> **Problem to work on**
For this exercise, reproduce the entries below exactly, but only from the line containing "m = mpar(4,4)" through the line containing "num_cells = 605711/100", both included.
[[ Records provided, beginning ]]
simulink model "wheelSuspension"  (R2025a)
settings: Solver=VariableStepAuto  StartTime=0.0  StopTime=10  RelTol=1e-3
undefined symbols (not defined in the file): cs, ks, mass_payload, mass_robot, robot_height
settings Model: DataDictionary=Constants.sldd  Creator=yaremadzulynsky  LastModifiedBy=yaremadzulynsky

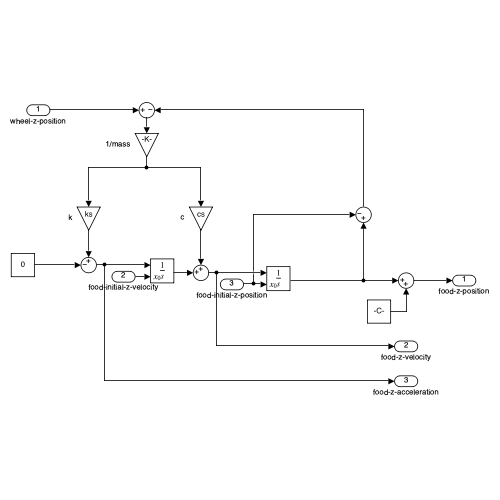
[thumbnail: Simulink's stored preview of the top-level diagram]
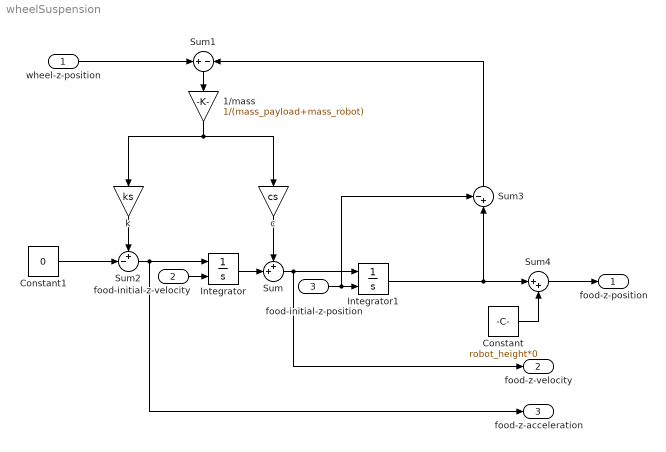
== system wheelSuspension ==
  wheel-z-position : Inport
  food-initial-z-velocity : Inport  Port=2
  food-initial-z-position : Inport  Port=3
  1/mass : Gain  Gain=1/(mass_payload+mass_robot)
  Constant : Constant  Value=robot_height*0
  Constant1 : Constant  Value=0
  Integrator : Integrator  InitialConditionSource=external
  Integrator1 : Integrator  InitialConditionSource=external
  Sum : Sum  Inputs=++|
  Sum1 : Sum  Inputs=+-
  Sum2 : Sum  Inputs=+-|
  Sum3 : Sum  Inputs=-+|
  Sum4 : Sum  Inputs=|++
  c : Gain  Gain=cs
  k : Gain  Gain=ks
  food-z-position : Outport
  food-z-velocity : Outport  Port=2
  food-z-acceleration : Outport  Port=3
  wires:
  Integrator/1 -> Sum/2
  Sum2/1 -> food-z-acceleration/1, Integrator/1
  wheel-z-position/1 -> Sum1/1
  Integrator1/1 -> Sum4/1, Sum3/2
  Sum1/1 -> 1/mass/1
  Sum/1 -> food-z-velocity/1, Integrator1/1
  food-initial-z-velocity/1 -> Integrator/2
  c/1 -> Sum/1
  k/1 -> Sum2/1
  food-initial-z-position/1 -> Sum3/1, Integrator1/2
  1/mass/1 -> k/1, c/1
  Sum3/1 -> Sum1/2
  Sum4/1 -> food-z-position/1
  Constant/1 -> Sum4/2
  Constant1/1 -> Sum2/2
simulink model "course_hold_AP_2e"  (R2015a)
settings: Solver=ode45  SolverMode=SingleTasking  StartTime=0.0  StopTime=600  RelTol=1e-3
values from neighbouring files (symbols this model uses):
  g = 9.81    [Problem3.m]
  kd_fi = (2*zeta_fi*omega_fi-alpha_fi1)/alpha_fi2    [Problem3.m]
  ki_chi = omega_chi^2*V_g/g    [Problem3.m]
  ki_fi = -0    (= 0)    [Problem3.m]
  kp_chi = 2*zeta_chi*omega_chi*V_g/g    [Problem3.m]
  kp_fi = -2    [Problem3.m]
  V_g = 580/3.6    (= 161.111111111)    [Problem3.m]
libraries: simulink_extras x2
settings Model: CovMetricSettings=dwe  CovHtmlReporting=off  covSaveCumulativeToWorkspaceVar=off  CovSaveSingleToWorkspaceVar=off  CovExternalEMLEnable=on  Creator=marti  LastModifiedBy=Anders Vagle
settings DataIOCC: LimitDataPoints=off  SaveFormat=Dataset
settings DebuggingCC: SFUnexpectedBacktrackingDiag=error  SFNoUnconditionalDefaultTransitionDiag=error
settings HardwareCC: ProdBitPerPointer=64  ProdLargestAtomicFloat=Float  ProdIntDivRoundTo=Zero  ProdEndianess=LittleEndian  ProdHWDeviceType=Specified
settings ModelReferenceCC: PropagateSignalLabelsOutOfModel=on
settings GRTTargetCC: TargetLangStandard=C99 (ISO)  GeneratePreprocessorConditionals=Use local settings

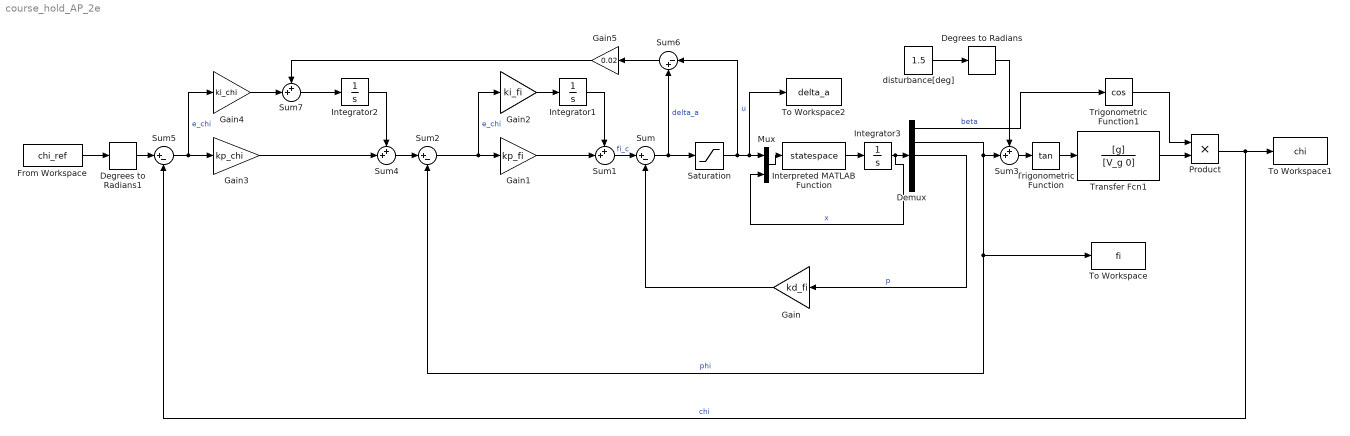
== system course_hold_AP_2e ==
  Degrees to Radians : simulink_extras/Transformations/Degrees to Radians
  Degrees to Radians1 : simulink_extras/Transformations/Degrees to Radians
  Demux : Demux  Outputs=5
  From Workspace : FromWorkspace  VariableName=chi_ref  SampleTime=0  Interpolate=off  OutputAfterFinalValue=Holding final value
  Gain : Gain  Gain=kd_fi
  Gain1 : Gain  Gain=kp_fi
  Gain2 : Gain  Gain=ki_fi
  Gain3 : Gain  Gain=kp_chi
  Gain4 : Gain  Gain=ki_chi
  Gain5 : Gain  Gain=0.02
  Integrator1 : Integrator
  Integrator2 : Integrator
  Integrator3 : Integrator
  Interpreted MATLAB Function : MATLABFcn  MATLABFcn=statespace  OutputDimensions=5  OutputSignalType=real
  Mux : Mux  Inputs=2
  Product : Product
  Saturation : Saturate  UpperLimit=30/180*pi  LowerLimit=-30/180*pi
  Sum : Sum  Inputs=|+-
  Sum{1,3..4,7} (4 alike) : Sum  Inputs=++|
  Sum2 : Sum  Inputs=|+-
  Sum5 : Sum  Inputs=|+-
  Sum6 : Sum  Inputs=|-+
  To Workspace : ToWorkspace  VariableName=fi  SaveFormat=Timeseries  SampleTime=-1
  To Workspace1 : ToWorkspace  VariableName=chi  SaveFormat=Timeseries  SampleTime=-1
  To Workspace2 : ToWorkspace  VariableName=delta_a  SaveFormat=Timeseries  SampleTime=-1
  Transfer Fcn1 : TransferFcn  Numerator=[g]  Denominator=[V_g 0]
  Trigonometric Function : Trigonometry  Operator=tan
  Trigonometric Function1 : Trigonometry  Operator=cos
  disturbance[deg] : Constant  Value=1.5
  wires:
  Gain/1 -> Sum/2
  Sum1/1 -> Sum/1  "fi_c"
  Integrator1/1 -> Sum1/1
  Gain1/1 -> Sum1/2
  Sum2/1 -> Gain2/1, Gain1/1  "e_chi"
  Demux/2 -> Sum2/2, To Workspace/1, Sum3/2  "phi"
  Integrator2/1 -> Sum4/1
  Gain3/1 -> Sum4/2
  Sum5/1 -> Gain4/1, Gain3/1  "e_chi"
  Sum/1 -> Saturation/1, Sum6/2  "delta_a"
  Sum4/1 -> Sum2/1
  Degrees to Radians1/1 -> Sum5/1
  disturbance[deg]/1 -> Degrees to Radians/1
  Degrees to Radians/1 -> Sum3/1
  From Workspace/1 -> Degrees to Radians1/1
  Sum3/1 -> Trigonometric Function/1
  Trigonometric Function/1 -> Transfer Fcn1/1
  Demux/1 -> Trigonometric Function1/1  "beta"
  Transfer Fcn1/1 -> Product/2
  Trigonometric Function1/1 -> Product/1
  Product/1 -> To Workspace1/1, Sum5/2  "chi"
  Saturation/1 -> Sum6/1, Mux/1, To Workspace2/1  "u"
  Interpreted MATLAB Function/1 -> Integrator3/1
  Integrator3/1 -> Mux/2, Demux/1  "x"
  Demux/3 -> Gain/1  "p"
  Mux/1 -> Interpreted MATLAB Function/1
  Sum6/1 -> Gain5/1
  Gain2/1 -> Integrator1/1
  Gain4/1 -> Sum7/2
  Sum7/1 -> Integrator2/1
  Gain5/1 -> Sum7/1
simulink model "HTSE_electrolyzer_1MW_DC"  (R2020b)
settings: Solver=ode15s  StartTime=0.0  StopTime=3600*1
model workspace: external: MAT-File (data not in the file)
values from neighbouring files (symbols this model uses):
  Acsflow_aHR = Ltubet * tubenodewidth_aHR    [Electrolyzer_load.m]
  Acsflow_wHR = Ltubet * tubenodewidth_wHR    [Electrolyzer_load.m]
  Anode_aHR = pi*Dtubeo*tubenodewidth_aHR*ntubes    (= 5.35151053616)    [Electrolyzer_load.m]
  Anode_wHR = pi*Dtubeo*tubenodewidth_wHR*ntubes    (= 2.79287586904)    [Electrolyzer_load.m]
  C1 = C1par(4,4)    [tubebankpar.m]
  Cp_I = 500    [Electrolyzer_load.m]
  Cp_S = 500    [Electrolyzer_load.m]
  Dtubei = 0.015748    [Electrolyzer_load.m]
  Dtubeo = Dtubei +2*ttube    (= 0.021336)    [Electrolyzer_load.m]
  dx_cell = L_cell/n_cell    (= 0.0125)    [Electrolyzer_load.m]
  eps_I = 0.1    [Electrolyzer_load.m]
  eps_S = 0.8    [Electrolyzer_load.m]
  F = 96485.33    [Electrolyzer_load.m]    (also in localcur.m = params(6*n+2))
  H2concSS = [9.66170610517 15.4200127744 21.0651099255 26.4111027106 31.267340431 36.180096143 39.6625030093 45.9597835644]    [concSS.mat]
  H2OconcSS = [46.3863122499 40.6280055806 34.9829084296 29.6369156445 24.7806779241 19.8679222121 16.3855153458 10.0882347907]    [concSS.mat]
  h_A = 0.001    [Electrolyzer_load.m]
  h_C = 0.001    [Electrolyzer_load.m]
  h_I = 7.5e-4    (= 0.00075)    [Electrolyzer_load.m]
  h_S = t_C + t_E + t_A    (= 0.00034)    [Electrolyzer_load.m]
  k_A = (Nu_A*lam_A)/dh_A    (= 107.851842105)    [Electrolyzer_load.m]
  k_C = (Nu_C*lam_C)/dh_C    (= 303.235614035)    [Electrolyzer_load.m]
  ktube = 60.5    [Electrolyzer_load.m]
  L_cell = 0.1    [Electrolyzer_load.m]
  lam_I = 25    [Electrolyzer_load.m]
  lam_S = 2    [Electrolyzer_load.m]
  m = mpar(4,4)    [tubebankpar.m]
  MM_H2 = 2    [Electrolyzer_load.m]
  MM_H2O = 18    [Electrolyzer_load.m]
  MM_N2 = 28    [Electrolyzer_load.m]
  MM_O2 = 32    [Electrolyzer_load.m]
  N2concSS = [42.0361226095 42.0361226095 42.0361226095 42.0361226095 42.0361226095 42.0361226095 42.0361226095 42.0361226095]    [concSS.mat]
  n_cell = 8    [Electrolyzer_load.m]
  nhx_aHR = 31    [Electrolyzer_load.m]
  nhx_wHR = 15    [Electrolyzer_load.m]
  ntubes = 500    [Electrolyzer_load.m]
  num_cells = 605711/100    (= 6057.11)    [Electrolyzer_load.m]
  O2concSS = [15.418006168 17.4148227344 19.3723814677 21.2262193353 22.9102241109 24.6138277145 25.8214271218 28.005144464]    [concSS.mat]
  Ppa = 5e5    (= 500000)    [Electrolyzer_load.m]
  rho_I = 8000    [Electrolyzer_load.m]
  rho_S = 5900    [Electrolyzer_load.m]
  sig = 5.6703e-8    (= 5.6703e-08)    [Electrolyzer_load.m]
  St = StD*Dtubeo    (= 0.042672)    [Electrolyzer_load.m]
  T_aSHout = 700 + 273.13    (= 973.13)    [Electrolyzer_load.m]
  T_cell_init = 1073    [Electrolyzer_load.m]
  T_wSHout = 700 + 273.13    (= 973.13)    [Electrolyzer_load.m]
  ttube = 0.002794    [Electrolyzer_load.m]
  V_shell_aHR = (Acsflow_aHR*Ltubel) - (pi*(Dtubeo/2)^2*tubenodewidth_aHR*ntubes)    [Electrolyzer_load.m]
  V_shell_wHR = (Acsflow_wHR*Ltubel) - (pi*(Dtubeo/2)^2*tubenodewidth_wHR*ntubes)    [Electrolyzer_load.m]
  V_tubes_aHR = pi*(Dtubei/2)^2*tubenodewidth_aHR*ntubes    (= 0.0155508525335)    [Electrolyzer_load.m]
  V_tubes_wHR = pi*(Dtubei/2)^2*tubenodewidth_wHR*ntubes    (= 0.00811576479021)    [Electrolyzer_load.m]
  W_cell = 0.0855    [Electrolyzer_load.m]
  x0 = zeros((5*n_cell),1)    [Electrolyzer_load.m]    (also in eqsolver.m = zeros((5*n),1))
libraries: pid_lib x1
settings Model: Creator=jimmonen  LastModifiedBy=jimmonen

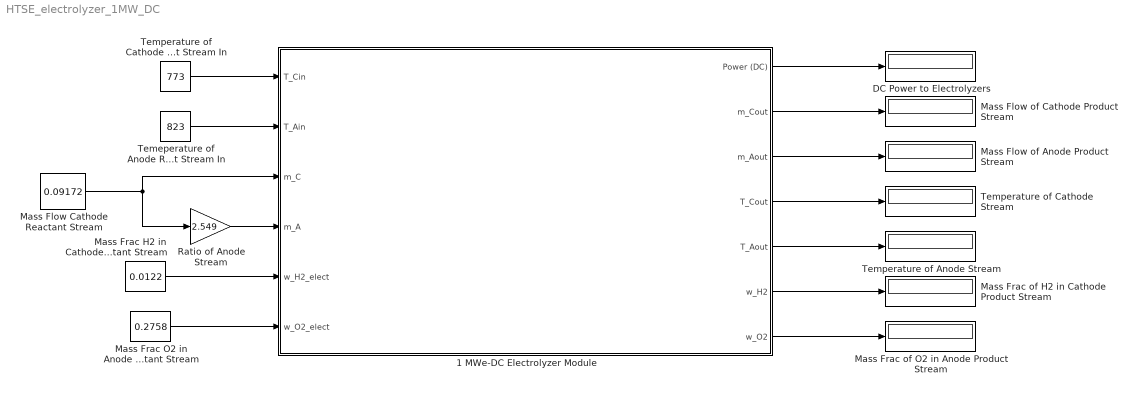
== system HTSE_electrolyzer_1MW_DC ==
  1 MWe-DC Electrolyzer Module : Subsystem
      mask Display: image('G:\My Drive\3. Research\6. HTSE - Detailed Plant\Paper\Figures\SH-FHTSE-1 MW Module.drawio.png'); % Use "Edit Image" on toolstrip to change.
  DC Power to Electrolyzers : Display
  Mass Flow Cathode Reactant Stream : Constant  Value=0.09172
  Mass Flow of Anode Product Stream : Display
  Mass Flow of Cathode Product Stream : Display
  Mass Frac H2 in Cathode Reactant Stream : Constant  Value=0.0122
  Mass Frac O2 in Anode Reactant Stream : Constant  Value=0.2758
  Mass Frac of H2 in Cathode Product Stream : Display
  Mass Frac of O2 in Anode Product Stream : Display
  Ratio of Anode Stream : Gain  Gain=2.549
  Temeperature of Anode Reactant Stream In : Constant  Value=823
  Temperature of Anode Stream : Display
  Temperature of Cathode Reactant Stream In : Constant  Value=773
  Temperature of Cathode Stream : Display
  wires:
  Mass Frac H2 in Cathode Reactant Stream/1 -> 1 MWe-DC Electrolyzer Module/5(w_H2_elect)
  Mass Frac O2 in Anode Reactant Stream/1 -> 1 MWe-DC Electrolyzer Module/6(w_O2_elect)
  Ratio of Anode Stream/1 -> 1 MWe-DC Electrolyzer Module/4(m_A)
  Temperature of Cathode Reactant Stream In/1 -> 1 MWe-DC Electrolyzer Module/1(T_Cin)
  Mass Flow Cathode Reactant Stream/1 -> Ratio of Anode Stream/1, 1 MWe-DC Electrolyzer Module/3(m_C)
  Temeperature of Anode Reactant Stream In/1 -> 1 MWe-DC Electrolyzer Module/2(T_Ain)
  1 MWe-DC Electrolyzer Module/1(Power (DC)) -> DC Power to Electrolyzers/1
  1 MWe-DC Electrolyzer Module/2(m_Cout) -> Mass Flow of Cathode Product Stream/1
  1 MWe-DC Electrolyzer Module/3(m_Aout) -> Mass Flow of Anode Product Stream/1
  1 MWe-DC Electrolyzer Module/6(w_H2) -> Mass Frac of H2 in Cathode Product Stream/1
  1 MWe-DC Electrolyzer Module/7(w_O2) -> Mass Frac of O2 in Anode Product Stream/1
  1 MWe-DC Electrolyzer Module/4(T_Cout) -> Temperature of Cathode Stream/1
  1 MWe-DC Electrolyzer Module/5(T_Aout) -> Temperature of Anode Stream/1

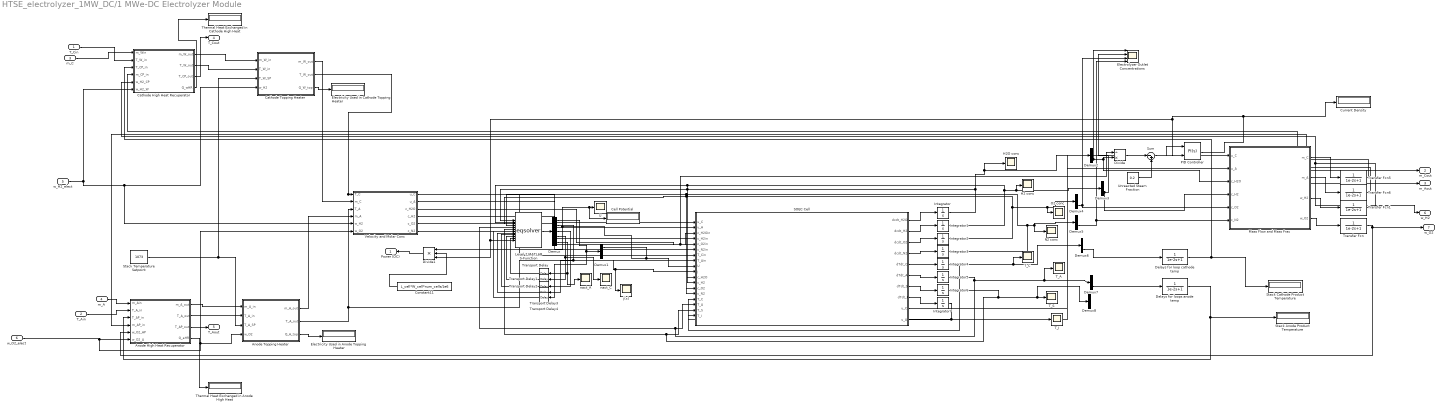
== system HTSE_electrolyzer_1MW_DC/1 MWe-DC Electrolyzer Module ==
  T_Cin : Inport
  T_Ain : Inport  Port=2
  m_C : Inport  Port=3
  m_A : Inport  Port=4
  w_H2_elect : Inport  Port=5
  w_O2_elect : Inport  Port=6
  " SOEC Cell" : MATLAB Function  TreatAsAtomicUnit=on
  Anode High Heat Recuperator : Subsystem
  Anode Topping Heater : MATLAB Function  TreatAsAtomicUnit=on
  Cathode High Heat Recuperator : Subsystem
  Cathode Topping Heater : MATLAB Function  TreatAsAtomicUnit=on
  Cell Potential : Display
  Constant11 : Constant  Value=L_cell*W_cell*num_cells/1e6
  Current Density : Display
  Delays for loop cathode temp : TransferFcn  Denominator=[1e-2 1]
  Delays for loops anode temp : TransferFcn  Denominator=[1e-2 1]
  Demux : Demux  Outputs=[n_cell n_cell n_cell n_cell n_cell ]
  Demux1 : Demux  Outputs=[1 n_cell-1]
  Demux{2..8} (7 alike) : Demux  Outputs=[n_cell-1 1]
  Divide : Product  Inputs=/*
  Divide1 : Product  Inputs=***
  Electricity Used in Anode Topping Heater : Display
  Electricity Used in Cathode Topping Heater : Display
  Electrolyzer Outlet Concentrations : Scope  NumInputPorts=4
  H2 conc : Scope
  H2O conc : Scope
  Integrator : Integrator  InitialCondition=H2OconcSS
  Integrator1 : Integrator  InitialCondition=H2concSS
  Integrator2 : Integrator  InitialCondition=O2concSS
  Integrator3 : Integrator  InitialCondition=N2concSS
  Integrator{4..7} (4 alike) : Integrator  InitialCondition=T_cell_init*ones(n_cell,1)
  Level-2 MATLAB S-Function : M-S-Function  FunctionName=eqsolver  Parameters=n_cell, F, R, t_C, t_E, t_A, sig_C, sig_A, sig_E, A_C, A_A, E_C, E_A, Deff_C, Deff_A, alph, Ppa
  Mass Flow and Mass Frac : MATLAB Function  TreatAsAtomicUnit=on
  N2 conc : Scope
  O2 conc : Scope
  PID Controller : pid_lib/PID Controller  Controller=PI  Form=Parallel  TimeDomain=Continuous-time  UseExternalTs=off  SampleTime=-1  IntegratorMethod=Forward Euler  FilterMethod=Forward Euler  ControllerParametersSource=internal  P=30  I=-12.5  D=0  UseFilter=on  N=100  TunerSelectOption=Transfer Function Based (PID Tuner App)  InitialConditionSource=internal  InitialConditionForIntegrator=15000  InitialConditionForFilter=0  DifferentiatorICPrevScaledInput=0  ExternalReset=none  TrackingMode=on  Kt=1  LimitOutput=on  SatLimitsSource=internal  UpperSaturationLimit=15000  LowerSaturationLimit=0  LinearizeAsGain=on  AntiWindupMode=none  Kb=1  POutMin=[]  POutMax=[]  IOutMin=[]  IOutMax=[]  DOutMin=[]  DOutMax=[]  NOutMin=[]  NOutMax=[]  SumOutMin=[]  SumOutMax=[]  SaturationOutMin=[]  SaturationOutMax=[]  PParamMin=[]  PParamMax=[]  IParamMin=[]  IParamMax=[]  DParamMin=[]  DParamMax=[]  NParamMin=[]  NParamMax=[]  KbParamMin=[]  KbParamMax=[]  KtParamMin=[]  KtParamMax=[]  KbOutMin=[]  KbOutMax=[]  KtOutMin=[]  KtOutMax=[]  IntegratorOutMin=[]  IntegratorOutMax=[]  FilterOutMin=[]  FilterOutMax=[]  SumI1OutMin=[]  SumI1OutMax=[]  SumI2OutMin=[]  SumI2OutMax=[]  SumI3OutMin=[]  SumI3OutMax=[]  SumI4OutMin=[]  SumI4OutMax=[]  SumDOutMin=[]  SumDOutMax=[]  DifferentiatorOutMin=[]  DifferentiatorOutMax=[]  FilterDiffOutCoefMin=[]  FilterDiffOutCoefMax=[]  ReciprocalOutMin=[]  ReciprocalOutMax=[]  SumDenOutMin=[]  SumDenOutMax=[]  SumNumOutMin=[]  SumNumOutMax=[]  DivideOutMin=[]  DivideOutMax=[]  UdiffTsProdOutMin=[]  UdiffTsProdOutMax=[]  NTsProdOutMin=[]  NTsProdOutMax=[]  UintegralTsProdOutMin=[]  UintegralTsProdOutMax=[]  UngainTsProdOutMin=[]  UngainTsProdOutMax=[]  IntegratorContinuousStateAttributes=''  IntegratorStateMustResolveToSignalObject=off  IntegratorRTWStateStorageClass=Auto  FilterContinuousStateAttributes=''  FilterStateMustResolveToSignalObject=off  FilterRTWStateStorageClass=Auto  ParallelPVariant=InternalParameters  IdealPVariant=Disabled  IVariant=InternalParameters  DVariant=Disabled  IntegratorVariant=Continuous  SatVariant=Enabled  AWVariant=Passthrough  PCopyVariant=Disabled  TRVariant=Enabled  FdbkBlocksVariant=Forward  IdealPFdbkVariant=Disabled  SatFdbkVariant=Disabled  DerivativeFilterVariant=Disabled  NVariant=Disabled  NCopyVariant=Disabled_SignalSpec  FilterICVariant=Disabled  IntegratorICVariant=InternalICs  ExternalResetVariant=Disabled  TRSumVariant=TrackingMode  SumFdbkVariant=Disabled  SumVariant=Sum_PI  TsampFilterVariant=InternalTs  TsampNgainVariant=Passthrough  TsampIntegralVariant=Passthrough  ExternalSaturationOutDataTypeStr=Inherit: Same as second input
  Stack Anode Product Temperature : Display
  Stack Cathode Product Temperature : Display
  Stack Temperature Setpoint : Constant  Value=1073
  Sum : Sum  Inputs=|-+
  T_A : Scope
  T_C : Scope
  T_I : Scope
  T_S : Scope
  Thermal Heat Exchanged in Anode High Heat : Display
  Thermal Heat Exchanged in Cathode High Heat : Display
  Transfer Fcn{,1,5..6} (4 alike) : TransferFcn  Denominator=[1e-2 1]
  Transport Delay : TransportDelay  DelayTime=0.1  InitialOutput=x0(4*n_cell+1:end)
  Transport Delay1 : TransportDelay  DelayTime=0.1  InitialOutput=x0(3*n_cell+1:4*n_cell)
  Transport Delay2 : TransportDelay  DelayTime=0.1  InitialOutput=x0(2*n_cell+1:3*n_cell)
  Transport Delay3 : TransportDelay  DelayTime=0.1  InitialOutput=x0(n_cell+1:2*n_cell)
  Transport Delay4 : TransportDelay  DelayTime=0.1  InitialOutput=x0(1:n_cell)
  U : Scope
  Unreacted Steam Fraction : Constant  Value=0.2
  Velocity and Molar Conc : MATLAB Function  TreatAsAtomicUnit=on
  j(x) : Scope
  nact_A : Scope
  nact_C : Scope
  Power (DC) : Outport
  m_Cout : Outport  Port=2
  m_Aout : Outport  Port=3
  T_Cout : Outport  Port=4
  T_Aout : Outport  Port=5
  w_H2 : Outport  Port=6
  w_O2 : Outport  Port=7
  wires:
[[ Records provided, end ]]
> **Answer to this task**
  m = mpar(4,4)    [tubebankpar.m]
  MM_H2 = 2    [Electrolyzer_load.m]
  MM_H2O = 18    [Electrolyzer_load.m]
  MM_N2 = 28    [Electrolyzer_load.m]
  MM_O2 = 32    [Electrolyzer_load.m]
  N2concSS = [42.0361226095 42.0361226095 42.0361226095 42.0361226095 42.0361226095 42.0361226095 42.0361226095 42.0361226095]    [concSS.mat]
  n_cell = 8    [Electrolyzer_load.m]
  nhx_aHR = 31    [Electrolyzer_load.m]
  nhx_wHR = 15    [Electrolyzer_load.m]
  ntubes = 500    [Electrolyzer_load.m]
  num_cells = 605711/100    (= 6057.11)    [Electrolyzer_load.m]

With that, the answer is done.